# Work instruction
From the entries below, transcribe exactly the lines between the line holding "#41=ORIENTED_EDGE('',*,*,#31,.T.);" and the line holding "#66=DIRECTION('',(1.,0.,0.));", inclusive; skip all other lines.

# Raw data
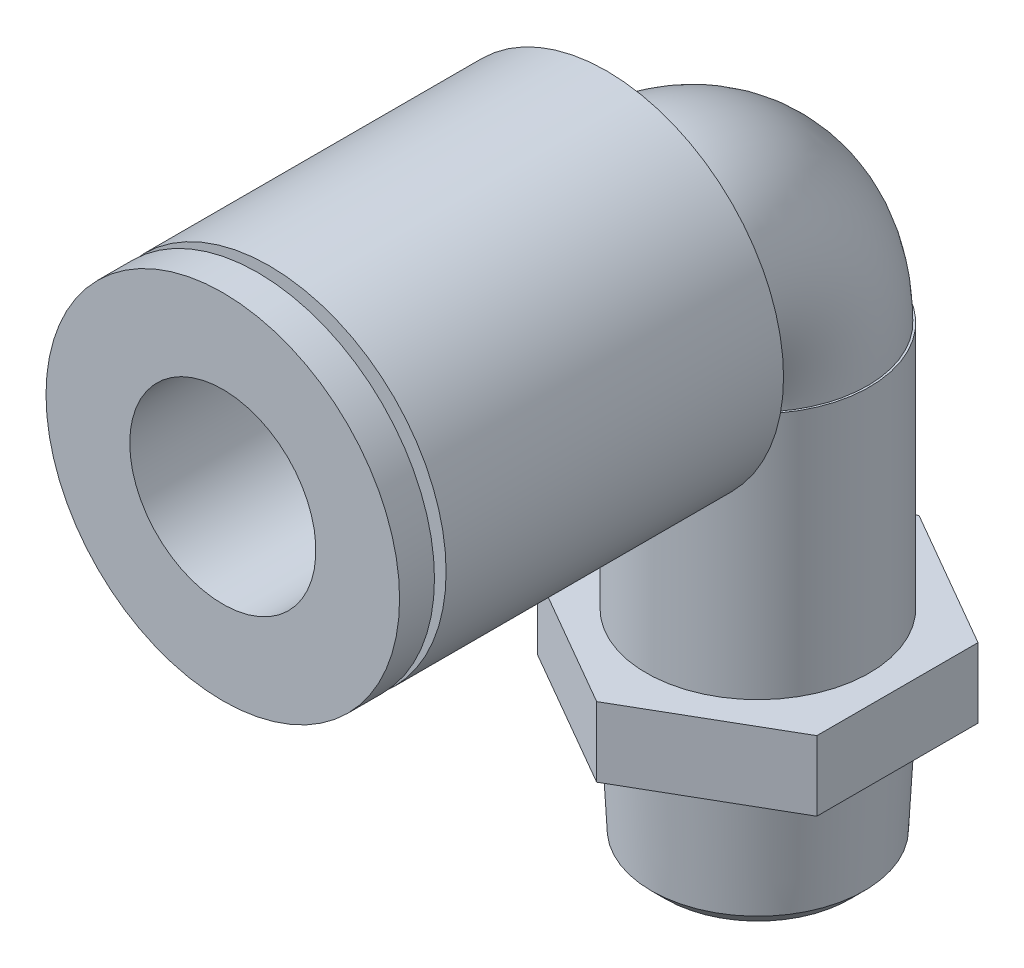
ISO-10303-21;
HEADER;
FILE_DESCRIPTION(('STEP AP214'),'2;1');
FILE_NAME('part.step','',(''),(''),'','','');
FILE_SCHEMA(('AUTOMOTIVE_DESIGN { 1 0 10303 214 1 1 1 1 }'));
ENDSEC;
DATA;
#1=APPLICATION_CONTEXT('core data for automotive mechanical design processes');
#2=APPLICATION_PROTOCOL_DEFINITION('international standard','automotive_design',2000,#1);
#3=PRODUCT_CONTEXT('',#1,'mechanical');
#4=PRODUCT('Part','Part','',(#3));
#5=PRODUCT_RELATED_PRODUCT_CATEGORY('part','',(#4));
#6=PRODUCT_DEFINITION_FORMATION('','',#4);
#7=PRODUCT_DEFINITION_CONTEXT('part definition',#1,'design');
#8=PRODUCT_DEFINITION('design','',#6,#7);
#9=PRODUCT_DEFINITION_SHAPE('','',#8);
#10=(LENGTH_UNIT() NAMED_UNIT(*) SI_UNIT(.MILLI.,.METRE.));
#11=(NAMED_UNIT(*) PLANE_ANGLE_UNIT() SI_UNIT($,.RADIAN.));
#12=(NAMED_UNIT(*) SI_UNIT($,.STERADIAN.) SOLID_ANGLE_UNIT());
#13=UNCERTAINTY_MEASURE_WITH_UNIT(LENGTH_MEASURE(1.E-05),#10,'distance_accuracy_value','');
#14=(GEOMETRIC_REPRESENTATION_CONTEXT(3) GLOBAL_UNCERTAINTY_ASSIGNED_CONTEXT((#13)) GLOBAL_UNIT_ASSIGNED_CONTEXT((#10,
#11,#12)) REPRESENTATION_CONTEXT('',''));
#15=CARTESIAN_POINT('',(0.,0.,0.));
#16=DIRECTION('',(0.,0.,1.));
#17=DIRECTION('',(1.,0.,0.));
#18=AXIS2_PLACEMENT_3D('',#15,#16,#17);
#19=CARTESIAN_POINT('',(-4.,20.451997891806,4.5));
#20=DIRECTION('',(0.,0.,1.));
#21=DIRECTION('',(1.,0.,0.));
#22=AXIS2_PLACEMENT_3D('',#19,#20,#21);
#23=PLANE('',#22);
#24=CARTESIAN_POINT('',(0.,24.5,4.5));
#25=DIRECTION('',(0.,0.,-1.));
#26=DIRECTION('',(-1.,0.,0.));
#27=AXIS2_PLACEMENT_3D('',#24,#25,#26);
#28=CIRCLE('',#27,4.);
#29=CARTESIAN_POINT('',(-4.,24.5,4.5));
#30=VERTEX_POINT('',#29);
#31=EDGE_CURVE('E19',#30,#30,#28,.T.);
#32=ORIENTED_EDGE('',*,*,#31,.F.);
#33=EDGE_LOOP('',(#32));
#34=FACE_BOUND('',#33,.T.);
#35=ADVANCED_FACE('F16',(#34),#23,.T.);
#36=CARTESIAN_POINT('',(0.,24.5,23.));
#37=DIRECTION('',(0.,0.,-1.));
#38=DIRECTION('',(-1.,0.,0.));
#39=AXIS2_PLACEMENT_3D('',#36,#37,#38);
#40=CYLINDRICAL_SURFACE('',#39,4.);
#41=ORIENTED_EDGE('',*,*,#31,.T.);
#42=EDGE_LOOP('',(#41));
#43=FACE_BOUND('',#42,.T.);
#44=CARTESIAN_POINT('',(0.,24.5,23.));
#45=DIRECTION('',(0.,0.,-1.));
#46=DIRECTION('',(-1.,0.,0.));
#47=AXIS2_PLACEMENT_3D('',#44,#45,#46);
#48=CIRCLE('',#47,4.);
#49=CARTESIAN_POINT('',(-4.,24.5,23.));
#50=VERTEX_POINT('',#49);
#51=EDGE_CURVE('E270',#50,#50,#48,.T.);
#52=ORIENTED_EDGE('',*,*,#51,.F.);
#53=EDGE_LOOP('',(#52));
#54=FACE_BOUND('',#53,.T.);
#55=ADVANCED_FACE('F257',(#43,#54),#40,.F.);
#56=CARTESIAN_POINT('',(7.6,32.1912021082628,23.));
#57=DIRECTION('',(0.,0.,1.));
#58=DIRECTION('',(-1.,0.,0.));
#59=AXIS2_PLACEMENT_3D('',#56,#57,#58);
#60=PLANE('',#59);
#61=ORIENTED_EDGE('',*,*,#51,.T.);
#62=EDGE_LOOP('',(#61));
#63=FACE_BOUND('',#62,.T.);
#64=CARTESIAN_POINT('',(0.,24.5,23.));
#65=DIRECTION('',(0.,0.,1.));
#66=DIRECTION('',(1.,0.,0.));
#67=AXIS2_PLACEMENT_3D('',#64,#65,#66);
#68=CIRCLE('',#67,7.60000000000001);
#69=CARTESIAN_POINT('',(7.60000000000001,24.5,23.));
#70=VERTEX_POINT('',#69);
#71=EDGE_CURVE('E271',#70,#70,#68,.F.);
#72=ORIENTED_EDGE('',*,*,#71,.F.);
#73=EDGE_LOOP('',(#72));
#74=FACE_BOUND('',#73,.T.);
#75=ADVANCED_FACE('F254',(#63,#74),#60,.T.);
#76=CARTESIAN_POINT('',(0.,24.5,23.));
#77=DIRECTION('',(0.,0.,1.));
#78=DIRECTION('',(1.,0.,0.));
#79=AXIS2_PLACEMENT_3D('',#76,#77,#78);
#80=CYLINDRICAL_SURFACE('',#79,7.60000000000001);
#81=ORIENTED_EDGE('',*,*,#71,.T.);
#82=EDGE_LOOP('',(#81));
#83=FACE_BOUND('',#82,.T.);
#84=CARTESIAN_POINT('',(0.,24.5,21.5));
#85=DIRECTION('',(0.,0.,1.));
#86=DIRECTION('',(1.,0.,0.));
#87=AXIS2_PLACEMENT_3D('',#84,#85,#86);
#88=CIRCLE('',#87,7.60000000000001);
#89=CARTESIAN_POINT('',(7.60000000000001,24.5,21.5));
#90=VERTEX_POINT('',#89);
#91=EDGE_CURVE('E273',#90,#90,#88,.F.);
#92=ORIENTED_EDGE('',*,*,#91,.F.);
#93=EDGE_LOOP('',(#92));
#94=FACE_BOUND('',#93,.T.);
#95=ADVANCED_FACE('F250',(#83,#94),#80,.T.);
#96=CARTESIAN_POINT('',(3.96101064172926,0.,4.00854487762027));
#97=DIRECTION('',(0.,-1.,0.));
#98=DIRECTION('',(-1.,0.,0.));
#99=AXIS2_PLACEMENT_3D('',#96,#97,#98);
#100=PLANE('',#99);
#101=CARTESIAN_POINT('',(0.,0.,0.));
#102=DIRECTION('',(0.,1.,0.));
#103=DIRECTION('',(0.,0.,1.));
#104=AXIS2_PLACEMENT_3D('',#101,#102,#103);
#105=CIRCLE('',#104,3.96101064172926);
#106=CARTESIAN_POINT('',(0.,0.,3.96101064172926));
#107=VERTEX_POINT('',#106);
#108=EDGE_CURVE('E278',#107,#107,#105,.T.);
#109=ORIENTED_EDGE('',*,*,#108,.F.);
#110=EDGE_LOOP('',(#109));
#111=FACE_BOUND('',#110,.T.);
#112=ADVANCED_FACE('F246',(#111),#100,.T.);
#113=CARTESIAN_POINT('',(-7.60000000000001,32.1912021082628,21.5));
#114=DIRECTION('',(0.,0.,-1.));
#115=DIRECTION('',(1.,0.,0.));
#116=AXIS2_PLACEMENT_3D('',#113,#114,#115);
#117=PLANE('',#116);
#118=CARTESIAN_POINT('',(0.,24.5,21.5));
#119=DIRECTION('',(0.,0.,1.));
#120=DIRECTION('',(0.,-1.,0.));
#121=AXIS2_PLACEMENT_3D('',#118,#119,#120);
#122=CIRCLE('',#121,6.);
#123=CARTESIAN_POINT('',(0.,18.5,21.5));
#124=VERTEX_POINT('',#123);
#125=EDGE_CURVE('E102',#124,#124,#122,.F.);
#126=ORIENTED_EDGE('',*,*,#125,.F.);
#127=EDGE_LOOP('',(#126));
#128=FACE_BOUND('',#127,.T.);
#129=ORIENTED_EDGE('',*,*,#91,.T.);
#130=EDGE_LOOP('',(#129));
#131=FACE_BOUND('',#130,.T.);
#132=ADVANCED_FACE('F242',(#128,#131),#117,.T.);
#133=CARTESIAN_POINT('',(0.,0.,0.));
#134=DIRECTION('',(0.,1.,0.));
#135=DIRECTION('',(0.,0.,1.));
#136=AXIS2_PLACEMENT_3D('',#133,#134,#135);
#137=CONICAL_SURFACE('',#136,3.96101064172926,0.785398163397448);
#138=CARTESIAN_POINT('',(0.,0.62034509794002,0.));
#139=DIRECTION('',(0.,-1.,0.));
#140=DIRECTION('',(-1.,0.,0.));
#141=AXIS2_PLACEMENT_3D('',#138,#139,#140);
#142=CIRCLE('',#141,4.58135573966928);
#143=CARTESIAN_POINT('',(-4.58135573966928,0.62034509794002,0.));
#144=VERTEX_POINT('',#143);
#145=EDGE_CURVE('E99',#144,#144,#142,.F.);
#146=ORIENTED_EDGE('',*,*,#145,.F.);
#147=EDGE_LOOP('',(#146));
#148=FACE_BOUND('',#147,.T.);
#149=ORIENTED_EDGE('',*,*,#108,.T.);
#150=EDGE_LOOP('',(#149));
#151=FACE_BOUND('',#150,.T.);
#152=ADVANCED_FACE('F238',(#148,#151),#137,.T.);
#153=CARTESIAN_POINT('',(0.,24.5,21.5));
#154=DIRECTION('',(0.,0.,1.));
#155=DIRECTION('',(0.,-1.,0.));
#156=AXIS2_PLACEMENT_3D('',#153,#154,#155);
#157=CYLINDRICAL_SURFACE('',#156,6.);
#158=ORIENTED_EDGE('',*,*,#125,.T.);
#159=EDGE_LOOP('',(#158));
#160=FACE_BOUND('',#159,.T.);
#161=CARTESIAN_POINT('',(0.,24.5,21.));
#162=DIRECTION('',(0.,0.,1.));
#163=DIRECTION('',(0.,-1.,0.));
#164=AXIS2_PLACEMENT_3D('',#161,#162,#163);
#165=CIRCLE('',#164,6.);
#166=CARTESIAN_POINT('',(0.,18.5,21.));
#167=VERTEX_POINT('',#166);
#168=EDGE_CURVE('E101',#167,#167,#165,.F.);
#169=ORIENTED_EDGE('',*,*,#168,.F.);
#170=EDGE_LOOP('',(#169));
#171=FACE_BOUND('',#170,.T.);
#172=ADVANCED_FACE('F234',(#160,#171),#157,.T.);
#173=CARTESIAN_POINT('',(0.,0.62034509794002,0.));
#174=DIRECTION('',(0.,1.,0.));
#175=DIRECTION('',(0.,0.,1.));
#176=AXIS2_PLACEMENT_3D('',#173,#174,#175);
#177=CONICAL_SURFACE('',#176,4.58135573966928,0.0523598775598302);
#178=CARTESIAN_POINT('',(0.,5.838,0.));
#179=DIRECTION('',(0.,1.,0.));
#180=DIRECTION('',(0.,0.,1.));
#181=AXIS2_PLACEMENT_3D('',#178,#179,#180);
#182=CIRCLE('',#181,4.85480144615152);
#183=CARTESIAN_POINT('',(0.,5.838,4.85480144615152));
#184=VERTEX_POINT('',#183);
#185=EDGE_CURVE('E285',#184,#184,#182,.T.);
#186=ORIENTED_EDGE('',*,*,#185,.F.);
#187=EDGE_LOOP('',(#186));
#188=FACE_BOUND('',#187,.T.);
#189=ORIENTED_EDGE('',*,*,#145,.T.);
#190=EDGE_LOOP('',(#189));
#191=FACE_BOUND('',#190,.T.);
#192=ADVANCED_FACE('F230',(#188,#191),#177,.T.);
#193=CARTESIAN_POINT('',(7.6,32.1912021082628,21.));
#194=DIRECTION('',(0.,0.,1.));
#195=DIRECTION('',(-1.,0.,0.));
#196=AXIS2_PLACEMENT_3D('',#193,#194,#195);
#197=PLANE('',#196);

# Task output
#41=ORIENTED_EDGE('',*,*,#31,.T.);
#42=EDGE_LOOP('',(#41));
#43=FACE_BOUND('',#42,.T.);
#44=CARTESIAN_POINT('',(0.,24.5,23.));
#45=DIRECTION('',(0.,0.,-1.));
#46=DIRECTION('',(-1.,0.,0.));
#47=AXIS2_PLACEMENT_3D('',#44,#45,#46);
#48=CIRCLE('',#47,4.);
#49=CARTESIAN_POINT('',(-4.,24.5,23.));
#50=VERTEX_POINT('',#49);
#51=EDGE_CURVE('E270',#50,#50,#48,.T.);
#52=ORIENTED_EDGE('',*,*,#51,.F.);
#53=EDGE_LOOP('',(#52));
#54=FACE_BOUND('',#53,.T.);
#55=ADVANCED_FACE('F257',(#43,#54),#40,.F.);
#56=CARTESIAN_POINT('',(7.6,32.1912021082628,23.));
#57=DIRECTION('',(0.,0.,1.));
#58=DIRECTION('',(-1.,0.,0.));
#59=AXIS2_PLACEMENT_3D('',#56,#57,#58);
#60=PLANE('',#59);
#61=ORIENTED_EDGE('',*,*,#51,.T.);
#62=EDGE_LOOP('',(#61));
#63=FACE_BOUND('',#62,.T.);
#64=CARTESIAN_POINT('',(0.,24.5,23.));
#65=DIRECTION('',(0.,0.,1.));
#66=DIRECTION('',(1.,0.,0.));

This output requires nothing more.